Water in the preliminary stages of recycling at the West Basin Municipal Water Distric water recycling facility in El Segundo, California. As drought-stricken California struggles with water conservation, West Basin employs a three-part water purification system to transform waste water into potable water. (AFP/ROBYN BECK)

Some of the provisions included in the plan would:

  • Make permanent the ban on wasteful water practices such as watering down driveways and other hardscapes;
  • Provide technical help and incentives to aid water suppliers in finding and fixing leaks;
  • Develop new water use standards for urban water suppliers based on local conditions;
  • Require water suppliers to be compliant with new water use targets by 2025;
  • Require water suppliers to submit a five-year drought risk assessment;
  • Improve drought resiliency for small, rural water agencies;
  • Require agricultural water districts to create an annual water budget, a drought plan and measures for increasing efficiency.

While the plan is widely hailed as a necessary step, there will likely be pushback over individual aspects from various stakeholders.

The Association of California Water Agencies (ACWA), which advocates on behalf of 430 public water agencies in the state, said it was still analyzing the draft plan and would be submitting comments to state agencies.

“We appreciate the acknowledgement in the draft plan that water management works best at the local level,” said Lisa Lien-Mager, the organization’s director of communications. But added, “Flexibility is a key issue. The state’s long-term conservation framework must allow for local flexibility to meet the objectives of the framework. While an allocation or budget-based approach will work for many of the larger water agencies, we know that smaller, more rural communities will need a simpler approach to meet the goals. They will need alternative approaches.”

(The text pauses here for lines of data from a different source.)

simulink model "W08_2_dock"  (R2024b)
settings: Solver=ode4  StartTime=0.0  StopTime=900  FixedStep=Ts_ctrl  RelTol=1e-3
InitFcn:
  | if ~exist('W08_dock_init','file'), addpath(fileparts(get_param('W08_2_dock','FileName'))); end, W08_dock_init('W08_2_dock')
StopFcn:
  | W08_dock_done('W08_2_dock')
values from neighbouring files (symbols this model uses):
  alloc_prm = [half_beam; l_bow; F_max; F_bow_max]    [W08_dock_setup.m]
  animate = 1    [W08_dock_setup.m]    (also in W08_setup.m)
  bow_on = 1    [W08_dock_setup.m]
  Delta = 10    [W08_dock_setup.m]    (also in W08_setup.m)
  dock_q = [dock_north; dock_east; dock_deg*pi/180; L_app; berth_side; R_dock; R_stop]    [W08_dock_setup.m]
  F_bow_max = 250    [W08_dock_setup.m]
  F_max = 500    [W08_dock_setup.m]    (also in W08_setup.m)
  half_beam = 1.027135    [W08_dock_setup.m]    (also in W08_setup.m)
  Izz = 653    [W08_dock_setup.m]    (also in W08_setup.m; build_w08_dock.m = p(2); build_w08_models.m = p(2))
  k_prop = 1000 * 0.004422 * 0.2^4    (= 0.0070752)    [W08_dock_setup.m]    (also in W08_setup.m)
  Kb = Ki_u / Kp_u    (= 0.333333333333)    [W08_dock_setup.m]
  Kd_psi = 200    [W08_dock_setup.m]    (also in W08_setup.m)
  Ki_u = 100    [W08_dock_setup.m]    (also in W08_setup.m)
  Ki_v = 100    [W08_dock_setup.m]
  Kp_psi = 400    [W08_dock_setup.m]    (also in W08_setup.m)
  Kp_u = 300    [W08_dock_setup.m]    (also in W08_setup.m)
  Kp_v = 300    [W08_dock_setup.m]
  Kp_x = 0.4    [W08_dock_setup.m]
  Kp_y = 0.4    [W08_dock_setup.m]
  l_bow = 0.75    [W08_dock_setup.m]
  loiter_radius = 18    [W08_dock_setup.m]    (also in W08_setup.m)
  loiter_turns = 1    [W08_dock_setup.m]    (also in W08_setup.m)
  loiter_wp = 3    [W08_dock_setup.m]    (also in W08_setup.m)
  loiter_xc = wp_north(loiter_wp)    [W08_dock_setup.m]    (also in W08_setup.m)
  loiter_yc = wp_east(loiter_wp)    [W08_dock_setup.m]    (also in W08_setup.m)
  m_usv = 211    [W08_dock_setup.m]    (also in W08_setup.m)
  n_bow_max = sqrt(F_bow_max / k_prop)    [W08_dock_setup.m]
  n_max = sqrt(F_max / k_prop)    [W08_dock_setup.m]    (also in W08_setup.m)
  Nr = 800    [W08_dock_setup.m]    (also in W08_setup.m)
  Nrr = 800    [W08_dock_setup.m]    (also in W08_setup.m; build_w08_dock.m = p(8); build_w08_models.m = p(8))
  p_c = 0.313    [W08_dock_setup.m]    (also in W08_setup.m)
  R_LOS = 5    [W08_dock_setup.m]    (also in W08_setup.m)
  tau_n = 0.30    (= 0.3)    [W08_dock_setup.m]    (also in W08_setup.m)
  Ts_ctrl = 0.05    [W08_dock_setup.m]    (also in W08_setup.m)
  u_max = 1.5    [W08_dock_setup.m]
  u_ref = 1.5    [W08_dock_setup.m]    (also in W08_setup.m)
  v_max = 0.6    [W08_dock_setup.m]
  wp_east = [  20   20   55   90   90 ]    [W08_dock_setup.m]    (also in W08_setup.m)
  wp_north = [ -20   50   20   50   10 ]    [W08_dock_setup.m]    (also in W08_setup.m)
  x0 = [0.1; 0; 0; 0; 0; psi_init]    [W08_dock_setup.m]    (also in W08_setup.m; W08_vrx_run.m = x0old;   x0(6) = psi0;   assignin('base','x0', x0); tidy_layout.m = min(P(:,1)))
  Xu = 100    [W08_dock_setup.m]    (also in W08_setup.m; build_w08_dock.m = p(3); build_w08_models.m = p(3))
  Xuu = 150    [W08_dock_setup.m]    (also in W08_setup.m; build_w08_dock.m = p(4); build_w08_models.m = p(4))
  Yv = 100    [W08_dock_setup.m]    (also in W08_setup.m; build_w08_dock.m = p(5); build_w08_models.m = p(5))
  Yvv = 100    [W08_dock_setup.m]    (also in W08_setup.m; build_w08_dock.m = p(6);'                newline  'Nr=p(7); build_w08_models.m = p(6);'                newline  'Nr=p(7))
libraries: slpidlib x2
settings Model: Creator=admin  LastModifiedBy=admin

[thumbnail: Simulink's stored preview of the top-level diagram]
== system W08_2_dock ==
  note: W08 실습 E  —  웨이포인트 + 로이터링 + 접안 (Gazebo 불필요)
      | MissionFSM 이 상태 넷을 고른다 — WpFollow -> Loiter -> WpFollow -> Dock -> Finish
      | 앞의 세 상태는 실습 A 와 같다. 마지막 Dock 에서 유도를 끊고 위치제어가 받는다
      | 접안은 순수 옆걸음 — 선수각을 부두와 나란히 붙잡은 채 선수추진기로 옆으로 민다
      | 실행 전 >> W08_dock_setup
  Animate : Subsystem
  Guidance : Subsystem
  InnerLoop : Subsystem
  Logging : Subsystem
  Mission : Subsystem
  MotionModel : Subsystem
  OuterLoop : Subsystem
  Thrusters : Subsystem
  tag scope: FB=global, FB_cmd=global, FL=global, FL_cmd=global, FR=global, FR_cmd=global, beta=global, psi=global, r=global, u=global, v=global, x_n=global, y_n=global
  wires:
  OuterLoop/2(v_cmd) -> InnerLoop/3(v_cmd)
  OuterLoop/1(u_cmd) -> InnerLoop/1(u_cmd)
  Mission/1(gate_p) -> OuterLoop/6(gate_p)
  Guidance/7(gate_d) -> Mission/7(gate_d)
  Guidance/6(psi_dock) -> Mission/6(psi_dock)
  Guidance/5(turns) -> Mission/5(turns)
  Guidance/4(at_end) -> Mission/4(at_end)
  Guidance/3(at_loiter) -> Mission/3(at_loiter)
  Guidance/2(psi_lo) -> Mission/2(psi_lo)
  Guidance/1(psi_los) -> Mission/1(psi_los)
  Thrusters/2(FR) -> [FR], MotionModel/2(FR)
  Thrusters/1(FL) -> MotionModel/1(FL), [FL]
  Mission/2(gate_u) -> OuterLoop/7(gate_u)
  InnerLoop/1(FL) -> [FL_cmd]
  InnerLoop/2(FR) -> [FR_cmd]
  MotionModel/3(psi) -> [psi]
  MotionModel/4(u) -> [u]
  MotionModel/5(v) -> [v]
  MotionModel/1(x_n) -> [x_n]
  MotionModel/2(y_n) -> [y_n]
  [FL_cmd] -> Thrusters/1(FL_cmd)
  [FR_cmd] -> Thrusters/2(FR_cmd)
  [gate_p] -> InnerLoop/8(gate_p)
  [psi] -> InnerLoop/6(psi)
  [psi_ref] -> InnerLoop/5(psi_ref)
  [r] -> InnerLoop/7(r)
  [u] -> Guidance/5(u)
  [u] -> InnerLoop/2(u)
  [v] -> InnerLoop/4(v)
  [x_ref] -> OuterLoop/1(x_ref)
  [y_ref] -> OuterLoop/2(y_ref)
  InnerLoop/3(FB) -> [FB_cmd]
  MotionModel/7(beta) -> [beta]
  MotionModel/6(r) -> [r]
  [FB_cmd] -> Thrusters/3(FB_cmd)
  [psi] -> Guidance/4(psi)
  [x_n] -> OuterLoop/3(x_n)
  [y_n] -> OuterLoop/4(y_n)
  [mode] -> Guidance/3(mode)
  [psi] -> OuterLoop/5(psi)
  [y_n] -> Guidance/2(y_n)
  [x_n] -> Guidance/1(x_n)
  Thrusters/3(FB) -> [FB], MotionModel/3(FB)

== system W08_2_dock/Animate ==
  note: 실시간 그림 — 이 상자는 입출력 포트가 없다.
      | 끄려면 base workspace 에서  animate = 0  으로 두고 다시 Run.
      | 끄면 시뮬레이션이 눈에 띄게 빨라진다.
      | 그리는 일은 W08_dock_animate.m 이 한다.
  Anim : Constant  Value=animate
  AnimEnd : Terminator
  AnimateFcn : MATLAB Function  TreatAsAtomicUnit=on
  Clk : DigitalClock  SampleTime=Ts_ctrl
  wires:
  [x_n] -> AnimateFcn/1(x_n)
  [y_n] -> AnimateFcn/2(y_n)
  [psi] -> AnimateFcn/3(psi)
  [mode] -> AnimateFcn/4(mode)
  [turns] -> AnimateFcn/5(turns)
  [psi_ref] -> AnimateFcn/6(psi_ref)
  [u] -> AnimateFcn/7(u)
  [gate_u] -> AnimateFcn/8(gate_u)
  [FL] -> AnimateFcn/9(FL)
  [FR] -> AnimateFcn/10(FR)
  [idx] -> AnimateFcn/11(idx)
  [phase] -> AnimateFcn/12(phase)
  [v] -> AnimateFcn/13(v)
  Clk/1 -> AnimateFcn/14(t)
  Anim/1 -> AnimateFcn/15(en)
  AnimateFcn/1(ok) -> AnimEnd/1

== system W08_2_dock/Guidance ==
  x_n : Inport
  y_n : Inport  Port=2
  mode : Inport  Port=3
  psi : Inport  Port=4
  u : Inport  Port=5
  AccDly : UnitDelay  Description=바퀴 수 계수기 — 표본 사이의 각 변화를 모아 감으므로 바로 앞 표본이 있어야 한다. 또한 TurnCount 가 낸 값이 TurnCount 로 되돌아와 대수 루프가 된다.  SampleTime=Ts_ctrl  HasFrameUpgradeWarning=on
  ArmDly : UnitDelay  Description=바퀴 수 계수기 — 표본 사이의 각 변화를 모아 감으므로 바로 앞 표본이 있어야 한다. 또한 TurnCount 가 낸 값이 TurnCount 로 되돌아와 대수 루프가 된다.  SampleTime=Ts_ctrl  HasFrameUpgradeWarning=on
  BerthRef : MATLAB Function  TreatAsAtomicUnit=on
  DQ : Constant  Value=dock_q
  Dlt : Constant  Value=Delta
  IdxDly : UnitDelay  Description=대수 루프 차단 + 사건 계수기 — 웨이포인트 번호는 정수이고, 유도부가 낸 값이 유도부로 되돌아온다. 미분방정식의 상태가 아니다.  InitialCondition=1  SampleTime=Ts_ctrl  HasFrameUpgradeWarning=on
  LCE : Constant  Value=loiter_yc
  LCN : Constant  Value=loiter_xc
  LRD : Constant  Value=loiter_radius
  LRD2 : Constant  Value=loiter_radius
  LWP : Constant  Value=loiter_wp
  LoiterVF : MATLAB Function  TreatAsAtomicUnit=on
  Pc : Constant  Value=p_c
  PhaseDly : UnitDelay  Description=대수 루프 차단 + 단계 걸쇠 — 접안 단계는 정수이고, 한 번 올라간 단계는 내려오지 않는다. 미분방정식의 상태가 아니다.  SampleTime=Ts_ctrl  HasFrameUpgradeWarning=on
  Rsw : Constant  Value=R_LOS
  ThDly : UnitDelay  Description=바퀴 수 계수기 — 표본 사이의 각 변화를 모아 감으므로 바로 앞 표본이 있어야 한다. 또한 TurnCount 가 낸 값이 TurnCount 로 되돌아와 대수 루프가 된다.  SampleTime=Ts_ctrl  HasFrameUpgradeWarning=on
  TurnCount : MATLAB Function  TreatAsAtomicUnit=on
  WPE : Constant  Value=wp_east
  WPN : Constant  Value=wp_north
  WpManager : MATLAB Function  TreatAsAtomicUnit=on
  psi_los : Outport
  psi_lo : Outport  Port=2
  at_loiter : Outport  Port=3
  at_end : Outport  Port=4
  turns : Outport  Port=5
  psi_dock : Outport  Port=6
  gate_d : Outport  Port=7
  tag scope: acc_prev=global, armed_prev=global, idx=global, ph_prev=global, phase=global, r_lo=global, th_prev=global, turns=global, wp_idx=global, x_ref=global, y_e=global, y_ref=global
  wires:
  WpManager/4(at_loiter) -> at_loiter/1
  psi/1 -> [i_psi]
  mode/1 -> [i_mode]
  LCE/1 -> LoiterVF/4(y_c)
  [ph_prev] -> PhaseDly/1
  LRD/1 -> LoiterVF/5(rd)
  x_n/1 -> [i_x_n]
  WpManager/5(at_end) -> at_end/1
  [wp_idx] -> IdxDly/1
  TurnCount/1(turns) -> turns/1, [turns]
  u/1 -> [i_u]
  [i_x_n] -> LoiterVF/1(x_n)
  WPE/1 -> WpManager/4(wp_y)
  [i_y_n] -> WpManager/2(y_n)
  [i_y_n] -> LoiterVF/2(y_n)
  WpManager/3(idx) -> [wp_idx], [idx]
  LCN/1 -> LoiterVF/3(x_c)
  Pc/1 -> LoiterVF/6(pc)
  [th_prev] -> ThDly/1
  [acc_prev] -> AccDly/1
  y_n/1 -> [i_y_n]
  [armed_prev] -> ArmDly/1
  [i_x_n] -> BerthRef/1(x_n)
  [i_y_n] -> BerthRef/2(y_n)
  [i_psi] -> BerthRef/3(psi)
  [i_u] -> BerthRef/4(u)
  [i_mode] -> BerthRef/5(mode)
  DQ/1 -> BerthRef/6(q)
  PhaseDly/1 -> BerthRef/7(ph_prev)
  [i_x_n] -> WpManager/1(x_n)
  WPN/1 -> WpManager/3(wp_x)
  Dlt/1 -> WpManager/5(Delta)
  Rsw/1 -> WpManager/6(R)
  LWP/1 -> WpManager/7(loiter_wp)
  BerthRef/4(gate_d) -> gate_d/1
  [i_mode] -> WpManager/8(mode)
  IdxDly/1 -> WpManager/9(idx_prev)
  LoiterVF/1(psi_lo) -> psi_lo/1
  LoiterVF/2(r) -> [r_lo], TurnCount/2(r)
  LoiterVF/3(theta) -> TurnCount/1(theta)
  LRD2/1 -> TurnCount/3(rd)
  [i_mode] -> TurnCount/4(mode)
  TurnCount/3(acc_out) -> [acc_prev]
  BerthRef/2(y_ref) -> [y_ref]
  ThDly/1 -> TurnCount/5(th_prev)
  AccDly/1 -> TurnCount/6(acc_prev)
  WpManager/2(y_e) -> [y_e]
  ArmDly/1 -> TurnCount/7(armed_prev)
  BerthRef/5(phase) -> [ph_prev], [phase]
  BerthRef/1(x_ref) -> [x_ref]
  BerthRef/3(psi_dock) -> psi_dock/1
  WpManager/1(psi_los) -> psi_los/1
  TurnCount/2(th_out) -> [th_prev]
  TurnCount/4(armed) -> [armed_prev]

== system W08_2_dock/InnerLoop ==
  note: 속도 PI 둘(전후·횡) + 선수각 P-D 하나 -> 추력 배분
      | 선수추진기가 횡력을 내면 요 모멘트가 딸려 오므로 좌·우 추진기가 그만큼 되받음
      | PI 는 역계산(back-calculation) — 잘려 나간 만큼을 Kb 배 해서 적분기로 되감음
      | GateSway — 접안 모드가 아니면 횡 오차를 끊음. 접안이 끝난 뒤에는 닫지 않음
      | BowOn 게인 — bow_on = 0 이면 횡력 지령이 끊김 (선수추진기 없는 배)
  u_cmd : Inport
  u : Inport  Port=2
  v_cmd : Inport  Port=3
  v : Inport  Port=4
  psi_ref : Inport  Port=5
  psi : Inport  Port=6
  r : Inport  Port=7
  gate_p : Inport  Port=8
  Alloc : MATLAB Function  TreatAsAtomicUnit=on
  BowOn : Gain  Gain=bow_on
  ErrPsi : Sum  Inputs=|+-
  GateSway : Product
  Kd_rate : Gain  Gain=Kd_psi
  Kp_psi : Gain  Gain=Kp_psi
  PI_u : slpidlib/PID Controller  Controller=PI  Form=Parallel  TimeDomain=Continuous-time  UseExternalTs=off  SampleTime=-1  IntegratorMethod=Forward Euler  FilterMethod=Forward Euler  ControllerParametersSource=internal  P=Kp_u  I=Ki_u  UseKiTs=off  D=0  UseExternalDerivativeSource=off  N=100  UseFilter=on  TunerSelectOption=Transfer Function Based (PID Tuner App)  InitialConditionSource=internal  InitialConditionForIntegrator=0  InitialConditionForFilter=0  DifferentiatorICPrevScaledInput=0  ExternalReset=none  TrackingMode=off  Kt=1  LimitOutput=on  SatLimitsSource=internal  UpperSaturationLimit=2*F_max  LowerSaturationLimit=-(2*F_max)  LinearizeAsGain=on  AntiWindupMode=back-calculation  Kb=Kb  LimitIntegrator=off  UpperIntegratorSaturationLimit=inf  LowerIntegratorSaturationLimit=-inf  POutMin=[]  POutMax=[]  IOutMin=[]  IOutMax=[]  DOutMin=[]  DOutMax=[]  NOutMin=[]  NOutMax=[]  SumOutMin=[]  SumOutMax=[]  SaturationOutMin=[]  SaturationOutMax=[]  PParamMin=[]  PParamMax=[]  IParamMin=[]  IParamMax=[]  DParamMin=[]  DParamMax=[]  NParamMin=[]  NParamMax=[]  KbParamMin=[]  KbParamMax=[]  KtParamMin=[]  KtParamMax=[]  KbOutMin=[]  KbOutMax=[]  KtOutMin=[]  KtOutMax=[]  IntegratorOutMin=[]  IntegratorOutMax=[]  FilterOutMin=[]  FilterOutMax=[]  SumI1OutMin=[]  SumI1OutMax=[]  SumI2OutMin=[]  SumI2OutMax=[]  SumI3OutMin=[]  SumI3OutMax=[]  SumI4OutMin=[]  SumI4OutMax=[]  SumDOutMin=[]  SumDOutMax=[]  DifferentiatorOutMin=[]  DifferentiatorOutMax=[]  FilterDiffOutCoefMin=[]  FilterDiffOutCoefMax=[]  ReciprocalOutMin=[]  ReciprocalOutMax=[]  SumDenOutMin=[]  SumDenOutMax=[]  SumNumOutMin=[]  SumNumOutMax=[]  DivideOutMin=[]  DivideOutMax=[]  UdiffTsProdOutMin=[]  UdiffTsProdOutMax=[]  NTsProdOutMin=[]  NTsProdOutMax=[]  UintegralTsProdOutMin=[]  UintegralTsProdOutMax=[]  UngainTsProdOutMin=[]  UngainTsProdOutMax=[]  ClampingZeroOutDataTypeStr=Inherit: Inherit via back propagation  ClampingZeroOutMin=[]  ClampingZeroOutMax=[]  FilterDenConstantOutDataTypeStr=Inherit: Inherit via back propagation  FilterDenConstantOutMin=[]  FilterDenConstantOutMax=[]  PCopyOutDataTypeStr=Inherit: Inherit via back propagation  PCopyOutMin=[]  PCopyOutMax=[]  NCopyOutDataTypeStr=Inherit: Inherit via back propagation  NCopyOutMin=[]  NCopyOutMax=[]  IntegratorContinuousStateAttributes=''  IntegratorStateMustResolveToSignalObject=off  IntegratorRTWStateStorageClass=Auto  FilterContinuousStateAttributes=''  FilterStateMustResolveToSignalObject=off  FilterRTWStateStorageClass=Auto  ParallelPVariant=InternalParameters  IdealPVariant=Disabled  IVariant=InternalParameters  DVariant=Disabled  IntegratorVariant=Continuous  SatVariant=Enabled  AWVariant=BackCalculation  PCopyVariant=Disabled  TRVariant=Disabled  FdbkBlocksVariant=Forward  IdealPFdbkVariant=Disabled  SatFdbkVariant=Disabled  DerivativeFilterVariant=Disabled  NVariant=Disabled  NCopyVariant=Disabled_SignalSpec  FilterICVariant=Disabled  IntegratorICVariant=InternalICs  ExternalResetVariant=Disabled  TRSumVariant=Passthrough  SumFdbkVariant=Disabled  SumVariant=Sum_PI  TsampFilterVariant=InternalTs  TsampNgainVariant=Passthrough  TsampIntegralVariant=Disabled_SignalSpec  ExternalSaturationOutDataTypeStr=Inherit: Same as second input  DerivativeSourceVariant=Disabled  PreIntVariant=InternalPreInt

While the governor’s conservation mandate from 2015, focused on urban water suppliers, the current plan also includes agricultural suppliers. Ben Chou, a policy analyst for the water program of the Natural Resources of Defense Council, said the state should start by enforcing reporting rules that already exist for agriculture instead of making new ones that are going to be even more difficult to follow, such as water budgets that require information some water suppliers may not have the resources to acquire or analyze.

“Roughly half of agricultural water suppliers are not following these existing reporting requirements and the Department of Water Resources (DWR) has not done much to increase compliance,” said Chou. “We’ve also asked that the agricultural water suppliers be required to standardize how they are reporting data. Right now, they are not required now to submit water management plans in a standard format or to file that report electronically, which makes it difficult for the public and DWR to review plans and reports.”

Chou said that agricultural efficiency efforts should also focus on modernizing water delivery systems, since 12 percent of irrigated farms still receive water on a fixed schedule and not when it’s most needed. And that other efforts should focus on the role of healthy soils in conserving water.

“Practices that improve soil health, such as conservation till and cover cropping, can reduce the need for irrigation by increasing the water infiltration and storage capabilities of soil,” stated a letter of public comment submitted by NRDC, the Pacific Institute, California Climate and Agriculture Network and the Community Alliance With Family Farmers. “On average, conservation-till farmers use 30 percent less irrigation water than their conventional tilling peers.”

Public comments on the conservation draft plan are being accepted until December 19.